Ist dein Kreislauf verstopft?

Spül alles mal ordentlich durch.


----------



## ΔΣΛ (2. Juli 2013)

*AW: Wasserkreislauf Riesenblase Entlüften*

Ich denke dies ist zustande gekommen, weil das befüllen in Etappen von satten gegangen ist, zwischenzeitlich immer wieder die Pumpe deaktiviert wurde, hast du dies so gemacht ?


----------



## aznsteil (2. Juli 2013)

*AW: Wasserkreislauf Riesenblase Entlüften*

Durchspülen werde ich höchstwahrscheinlich machen bevor ich in zukunft mein aquacomputer double protect ultra red einfülle.

Ja nach meinen erinnerungen habe ich die pumpe aus gemacht, agb befüllt, angemacht, ausgemacht, agb befüllt, usw bis es eben voll war.


----------



## the.hai (2. Juli 2013)

*AW: Wasserkreislauf Riesenblase Entlüften*



aznsteil schrieb:


> Ist leider keine Möglichkeit, das Gehäuse roh wiegt 24 kg, dazu die Komponenten zzgl Mora 3 Pro + das ganze Wasser. Schon versucht, ist mir zu schwer und unsicher


 
was soll passieren? wenn alles vernünftig zusammengebaut ist, kann garnichts passieren.
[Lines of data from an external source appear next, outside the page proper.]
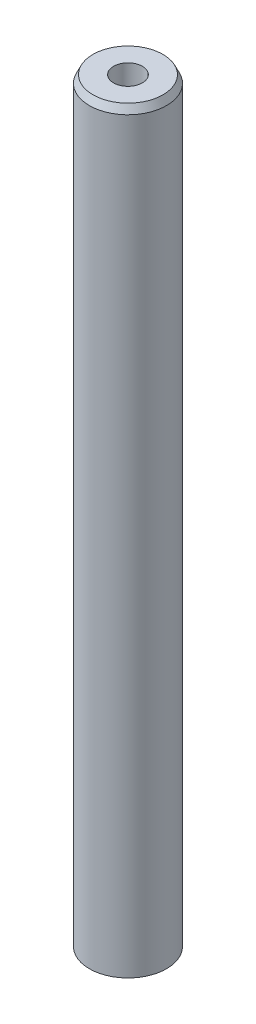
ISO-10303-21;
HEADER;
FILE_DESCRIPTION(('STEP AP214'),'2;1');
FILE_NAME('part.step','',(''),(''),'','','');
FILE_SCHEMA(('AUTOMOTIVE_DESIGN { 1 0 10303 214 1 1 1 1 }'));
ENDSEC;
DATA;
#1=APPLICATION_CONTEXT('core data for automotive mechanical design processes');
#2=APPLICATION_PROTOCOL_DEFINITION('international standard','automotive_design',2000,#1);
#3=PRODUCT_CONTEXT('',#1,'mechanical');
#4=PRODUCT('Part','Part','',(#3));
#5=PRODUCT_RELATED_PRODUCT_CATEGORY('part','',(#4));
#6=PRODUCT_DEFINITION_FORMATION('','',#4);
#7=PRODUCT_DEFINITION_CONTEXT('part definition',#1,'design');
#8=PRODUCT_DEFINITION('design','',#6,#7);
#9=PRODUCT_DEFINITION_SHAPE('','',#8);
#10=(LENGTH_UNIT() NAMED_UNIT(*) SI_UNIT(.MILLI.,.METRE.));
#11=(NAMED_UNIT(*) PLANE_ANGLE_UNIT() SI_UNIT($,.RADIAN.));
#12=(NAMED_UNIT(*) SI_UNIT($,.STERADIAN.) SOLID_ANGLE_UNIT());
#13=UNCERTAINTY_MEASURE_WITH_UNIT(LENGTH_MEASURE(1.E-05),#10,'distance_accuracy_value','');
#14=(GEOMETRIC_REPRESENTATION_CONTEXT(3) GLOBAL_UNCERTAINTY_ASSIGNED_CONTEXT((#13)) GLOBAL_UNIT_ASSIGNED_CONTEXT((#10,
#11,#12)) REPRESENTATION_CONTEXT('',''));
#15=CARTESIAN_POINT('',(0.,0.,0.));
#16=DIRECTION('',(0.,0.,1.));
#17=DIRECTION('',(1.,0.,0.));
#18=AXIS2_PLACEMENT_3D('',#15,#16,#17);
#19=CARTESIAN_POINT('',(0.,98.3009909796607,0.));
#20=DIRECTION('',(0.,-1.,0.));
#21=DIRECTION('',(0.,0.,-1.));
#22=AXIS2_PLACEMENT_3D('',#19,#20,#21);
#23=CYLINDRICAL_SURFACE('',#22,5.);
#24=CARTESIAN_POINT('',(0.,97.3228049866821,0.));
#25=DIRECTION('',(0.,1.,0.));
#26=DIRECTION('',(0.,0.,1.));
#27=AXIS2_PLACEMENT_3D('',#24,#25,#26);
#28=CIRCLE('',#27,5.);
#29=CARTESIAN_POINT('',(0.,97.3228049866821,5.));
#30=VERTEX_POINT('',#29);
#31=EDGE_CURVE('E50',#30,#30,#28,.F.);
#32=ORIENTED_EDGE('',*,*,#31,.T.);
#33=EDGE_LOOP('',(#32));
#34=FACE_BOUND('',#33,.T.);
#35=CARTESIAN_POINT('',(0.,0.462848859762555,0.));
#36=DIRECTION('',(0.,1.,0.));
#37=DIRECTION('',(0.,0.,1.));
#38=AXIS2_PLACEMENT_3D('',#35,#36,#37);
#39=CIRCLE('',#38,5.);
#40=CARTESIAN_POINT('',(0.,0.462848859762555,5.));
#41=VERTEX_POINT('',#40);
#42=EDGE_CURVE('E51',#41,#41,#39,.T.);
#43=ORIENTED_EDGE('',*,*,#42,.T.);
#44=EDGE_LOOP('',(#43));
#45=FACE_BOUND('',#44,.T.);
#46=ADVANCED_FACE('F39',(#34,#45),#23,.T.);
#47=CARTESIAN_POINT('',(0.,98.3009909796607,0.));
#48=DIRECTION('',(0.,1.,0.));
#49=DIRECTION('',(0.,0.,1.));
#50=AXIS2_PLACEMENT_3D('',#47,#48,#49);
#51=PLANE('',#50);
#52=CARTESIAN_POINT('',(0.,98.3009909796607,0.));
#53=DIRECTION('',(0.,1.,0.));
#54=DIRECTION('',(0.,0.,1.));
#55=AXIS2_PLACEMENT_3D('',#52,#53,#54);
#56=CIRCLE('',#55,4.53715114023742);
#57=CARTESIAN_POINT('',(0.,98.3009909796607,4.53715114023742));
#58=VERTEX_POINT('',#57);
#59=EDGE_CURVE('E54',#58,#58,#56,.T.);
#60=ORIENTED_EDGE('',*,*,#59,.T.);
#61=EDGE_LOOP('',(#60));
#62=FACE_BOUND('',#61,.T.);
#63=CARTESIAN_POINT('',(0.,98.3009909796607,0.));
#64=DIRECTION('',(0.,1.,0.));
#65=DIRECTION('',(0.,0.,1.));
#66=AXIS2_PLACEMENT_3D('',#63,#64,#65);
#67=CIRCLE('',#66,1.86729965048411);
#68=CARTESIAN_POINT('',(0.,98.3009909796607,1.86729965048411));
#69=VERTEX_POINT('',#68);
#70=EDGE_CURVE('E58',#69,#69,#67,.T.);
#71=ORIENTED_EDGE('',*,*,#70,.F.);
#72=EDGE_LOOP('',(#71));
#73=FACE_BOUND('',#72,.T.);
#74=ADVANCED_FACE('F69',(#62,#73),#51,.T.);
#75=CARTESIAN_POINT('',(0.,0.,0.));
#76=DIRECTION('',(0.,1.,0.));
#77=DIRECTION('',(0.,0.,1.));
#78=AXIS2_PLACEMENT_3D('',#75,#76,#77);
#79=PLANE('',#78);
#80=CARTESIAN_POINT('',(0.,0.,0.));
#81=DIRECTION('',(0.,1.,0.));
#82=DIRECTION('',(0.,0.,1.));
#83=AXIS2_PLACEMENT_3D('',#80,#81,#82);
#84=CIRCLE('',#83,4.02181400702137);
#85=CARTESIAN_POINT('',(0.,0.,4.02181400702137));
#86=VERTEX_POINT('',#85);
#87=EDGE_CURVE('E10',#86,#86,#84,.F.);
#88=ORIENTED_EDGE('',*,*,#87,.T.);
#89=EDGE_LOOP('',(#88));
#90=FACE_BOUND('',#89,.T.);
#91=CARTESIAN_POINT('',(0.,0.,0.));
#92=DIRECTION('',(0.,1.,0.));
#93=DIRECTION('',(0.,0.,1.));
#94=AXIS2_PLACEMENT_3D('',#91,#92,#93);
#95=CIRCLE('',#94,1.86729965048411);
#96=CARTESIAN_POINT('',(0.,0.,1.86729965048411));
#97=VERTEX_POINT('',#96);
#98=EDGE_CURVE('E63',#97,#97,#95,.T.);
#99=ORIENTED_EDGE('',*,*,#98,.T.);
#100=EDGE_LOOP('',(#99));
#101=FACE_BOUND('',#100,.T.);
#102=ADVANCED_FACE('F75',(#90,#101),#79,.F.);
#103=CARTESIAN_POINT('',(0.,98.3009909796607,0.));
#104=DIRECTION('',(0.,-1.,0.));
#105=DIRECTION('',(0.,0.,-1.));
#106=AXIS2_PLACEMENT_3D('',#103,#104,#105);
#107=CYLINDRICAL_SURFACE('',#106,1.86729965048411);
#108=ORIENTED_EDGE('',*,*,#70,.T.);
#109=EDGE_LOOP('',(#108));
#110=FACE_BOUND('',#109,.T.);
#111=ORIENTED_EDGE('',*,*,#98,.F.);
#112=EDGE_LOOP('',(#111));
#113=FACE_BOUND('',#112,.T.);
#114=ADVANCED_FACE('F70',(#110,#113),#107,.F.);
#115=CARTESIAN_POINT('',(0.,98.3009909796607,0.));
#116=DIRECTION('',(0.,-1.,0.));
#117=DIRECTION('',(0.,0.,-1.));
#118=AXIS2_PLACEMENT_3D('',#115,#116,#117);
#119=CONICAL_SURFACE('',#118,4.53715114023742,0.44195465777432);
#120=ORIENTED_EDGE('',*,*,#31,.F.);
#121=EDGE_LOOP('',(#120));
#122=FACE_BOUND('',#121,.T.);
#123=ORIENTED_EDGE('',*,*,#59,.F.);
#124=EDGE_LOOP('',(#123));
#125=FACE_BOUND('',#124,.T.);
#126=ADVANCED_FACE('F81',(#122,#125),#119,.T.);
#127=CARTESIAN_POINT('',(0.,0.462848859762555,0.));
#128=DIRECTION('',(0.,1.,0.));
#129=DIRECTION('',(0.,0.,1.));
#130=AXIS2_PLACEMENT_3D('',#127,#128,#129);
#131=CONICAL_SURFACE('',#130,5.,1.12884166902059);
#132=ORIENTED_EDGE('',*,*,#87,.F.);
#133=EDGE_LOOP('',(#132));
#134=FACE_BOUND('',#133,.T.);
#135=ORIENTED_EDGE('',*,*,#42,.F.);
#136=EDGE_LOOP('',(#135));
#137=FACE_BOUND('',#136,.T.);
#138=ADVANCED_FACE('F45',(#134,#137),#131,.T.);
#139=CLOSED_SHELL('',(#46,#74,#102,#114,#126,#138));
#140=MANIFOLD_SOLID_BREP('B2',#139);
#141=ADVANCED_BREP_SHAPE_REPRESENTATION('',(#18,#140),#14);
#142=SHAPE_DEFINITION_REPRESENTATION(#9,#141);
ENDSEC;
END-ISO-10303-21;
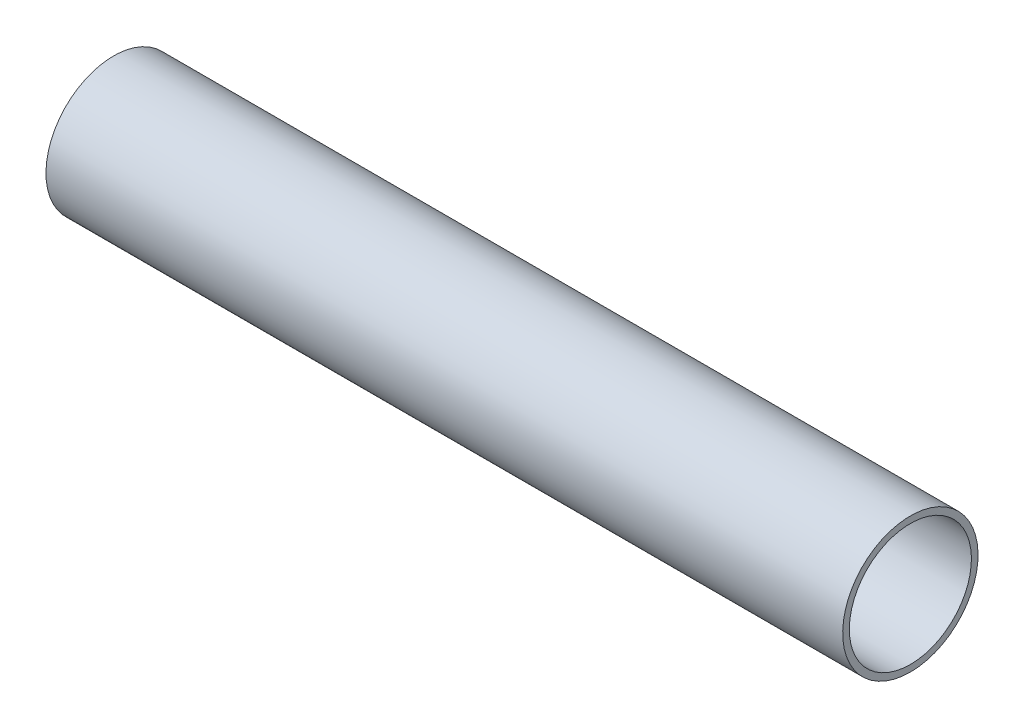
ISO-10303-21;
HEADER;
FILE_DESCRIPTION(('STEP AP214'),'2;1');
FILE_NAME('part.step','',(''),(''),'','','');
FILE_SCHEMA(('AUTOMOTIVE_DESIGN { 1 0 10303 214 1 1 1 1 }'));
ENDSEC;
DATA;
#1=APPLICATION_CONTEXT('core data for automotive mechanical design processes');
#2=APPLICATION_PROTOCOL_DEFINITION('international standard','automotive_design',2000,#1);
#3=PRODUCT_CONTEXT('',#1,'mechanical');
#4=PRODUCT('Part','Part','',(#3));
#5=PRODUCT_RELATED_PRODUCT_CATEGORY('part','',(#4));
#6=PRODUCT_DEFINITION_FORMATION('','',#4);
#7=PRODUCT_DEFINITION_CONTEXT('part definition',#1,'design');
#8=PRODUCT_DEFINITION('design','',#6,#7);
#9=PRODUCT_DEFINITION_SHAPE('','',#8);
#10=(LENGTH_UNIT() NAMED_UNIT(*) SI_UNIT(.MILLI.,.METRE.));
#11=(NAMED_UNIT(*) PLANE_ANGLE_UNIT() SI_UNIT($,.RADIAN.));
#12=(NAMED_UNIT(*) SI_UNIT($,.STERADIAN.) SOLID_ANGLE_UNIT());
#13=UNCERTAINTY_MEASURE_WITH_UNIT(LENGTH_MEASURE(1.E-05),#10,'distance_accuracy_value','');
#14=(GEOMETRIC_REPRESENTATION_CONTEXT(3) GLOBAL_UNCERTAINTY_ASSIGNED_CONTEXT((#13)) GLOBAL_UNIT_ASSIGNED_CONTEXT((#10,
#11,#12)) REPRESENTATION_CONTEXT('',''));
#15=CARTESIAN_POINT('',(0.,0.,0.));
#16=DIRECTION('',(0.,0.,1.));
#17=DIRECTION('',(1.,0.,0.));
#18=AXIS2_PLACEMENT_3D('',#15,#16,#17);
#19=CARTESIAN_POINT('',(-592.598230203423,-6.000440288623,0.));
#20=DIRECTION('',(1.,0.,0.));
#21=DIRECTION('',(0.,1.,0.));
#22=AXIS2_PLACEMENT_3D('',#19,#20,#21);
#23=PLANE('',#22);
#24=CARTESIAN_POINT('',(-592.598230203423,-0.000440288622985937,0.));
#25=DIRECTION('',(-1.,0.,0.));
#26=DIRECTION('',(0.,-1.,0.));
#27=AXIS2_PLACEMENT_3D('',#24,#25,#26);
#28=CIRCLE('',#27,6.00000000000001);
#29=CARTESIAN_POINT('',(-592.598230203423,-6.000440288623,0.));
#30=VERTEX_POINT('',#29);
#31=EDGE_CURVE('E10',#30,#30,#28,.T.);
#32=ORIENTED_EDGE('',*,*,#31,.T.);
#33=EDGE_LOOP('',(#32));
#34=FACE_BOUND('',#33,.T.);
#35=CARTESIAN_POINT('',(-592.598230203423,-0.000440288622985937,0.));
#36=DIRECTION('',(-1.,0.,0.));
#37=DIRECTION('',(0.,-1.,0.));
#38=AXIS2_PLACEMENT_3D('',#35,#36,#37);
#39=CIRCLE('',#38,6.65000000000001);
#40=CARTESIAN_POINT('',(-592.598230203423,-6.650440288623,0.));
#41=VERTEX_POINT('',#40);
#42=EDGE_CURVE('E47',#41,#41,#39,.T.);
#43=ORIENTED_EDGE('',*,*,#42,.F.);
#44=EDGE_LOOP('',(#43));
#45=FACE_BOUND('',#44,.T.);
#46=ADVANCED_FACE('F33',(#34,#45),#23,.T.);
#47=CARTESIAN_POINT('',(-666.248230203423,-0.00044028862299707,0.));
#48=DIRECTION('',(-1.,0.,0.));
#49=DIRECTION('',(0.,-1.,0.));
#50=AXIS2_PLACEMENT_3D('',#47,#48,#49);
#51=CYLINDRICAL_SURFACE('',#50,6.00000000000001);
#52=CARTESIAN_POINT('',(-670.898230203423,-0.000440288622997773,0.));
#53=DIRECTION('',(-1.,0.,0.));
#54=DIRECTION('',(0.,-1.,0.));
#55=AXIS2_PLACEMENT_3D('',#52,#53,#54);
#56=CIRCLE('',#55,6.);
#57=CARTESIAN_POINT('',(-670.898230203423,-6.000440288623,0.));
#58=VERTEX_POINT('',#57);
#59=EDGE_CURVE('E39',#58,#58,#56,.T.);
#60=ORIENTED_EDGE('',*,*,#59,.T.);
#61=EDGE_LOOP('',(#60));
#62=FACE_BOUND('',#61,.T.);
#63=ORIENTED_EDGE('',*,*,#31,.F.);
#64=EDGE_LOOP('',(#63));
#65=FACE_BOUND('',#64,.T.);
#66=ADVANCED_FACE('F57',(#62,#65),#51,.F.);
#67=CARTESIAN_POINT('',(-670.898230203423,-6.000440288623,0.));
#68=DIRECTION('',(-1.,0.,0.));
#69=DIRECTION('',(0.,-1.,0.));
#70=AXIS2_PLACEMENT_3D('',#67,#68,#69);
#71=PLANE('',#70);
#72=CARTESIAN_POINT('',(-670.898230203423,-0.000440288622997773,0.));
#73=DIRECTION('',(-1.,0.,0.));
#74=DIRECTION('',(0.,-1.,0.));
#75=AXIS2_PLACEMENT_3D('',#72,#73,#74);
#76=CIRCLE('',#75,6.65);
#77=CARTESIAN_POINT('',(-670.898230203423,-6.650440288623,0.));
#78=VERTEX_POINT('',#77);
#79=EDGE_CURVE('E43',#78,#78,#76,.T.);
#80=ORIENTED_EDGE('',*,*,#79,.T.);
#81=EDGE_LOOP('',(#80));
#82=FACE_BOUND('',#81,.T.);
#83=ORIENTED_EDGE('',*,*,#59,.F.);
#84=EDGE_LOOP('',(#83));
#85=FACE_BOUND('',#84,.T.);
#86=ADVANCED_FACE('F61',(#82,#85),#71,.T.);
#87=CARTESIAN_POINT('',(-666.248230203423,-0.00044028862299707,0.));
#88=DIRECTION('',(-1.,0.,0.));
#89=DIRECTION('',(0.,-1.,0.));
#90=AXIS2_PLACEMENT_3D('',#87,#88,#89);
#91=CYLINDRICAL_SURFACE('',#90,6.65000000000001);
#92=ORIENTED_EDGE('',*,*,#42,.T.);
#93=EDGE_LOOP('',(#92));
#94=FACE_BOUND('',#93,.T.);
#95=ORIENTED_EDGE('',*,*,#79,.F.);
#96=EDGE_LOOP('',(#95));
#97=FACE_BOUND('',#96,.T.);
#98=ADVANCED_FACE('F53',(#94,#97),#91,.T.);
#99=CLOSED_SHELL('',(#46,#66,#86,#98));
#100=MANIFOLD_SOLID_BREP('B2',#99);
#101=ADVANCED_BREP_SHAPE_REPRESENTATION('',(#18,#100),#14);
#102=SHAPE_DEFINITION_REPRESENTATION(#9,#101);
ENDSEC;
END-ISO-10303-21;

einfach mal nur die wakü in betrieb nehmen und den PC auf die Seite legen, bzw in alle richtungen schwenken. ansonsten mal bitte eine komplette aufnahme mit verschlauchungsreihenfolge bitte machen.


----------



## Behzad (2. Juli 2013)

*AW: Wasserkreislauf Riesenblase Entlüften*

hast du die Mora am Gehäuse festgeschraubt? Wenn nicht dann hoffe ich dass du die Schläuche großzügig geschnitten hast, sodass du den Radi alleine schon etwas bewegen kannst^. Zum Beispiel aufs Gehäuse stellen^^ 

dadurch hast du einfach mehr Freiraum beim Kippen des Gehäuses. Wenn nicht musst du dir jemanden zur Hilfe holen der den Radi festhält während du  dein Gehäuse kippst. 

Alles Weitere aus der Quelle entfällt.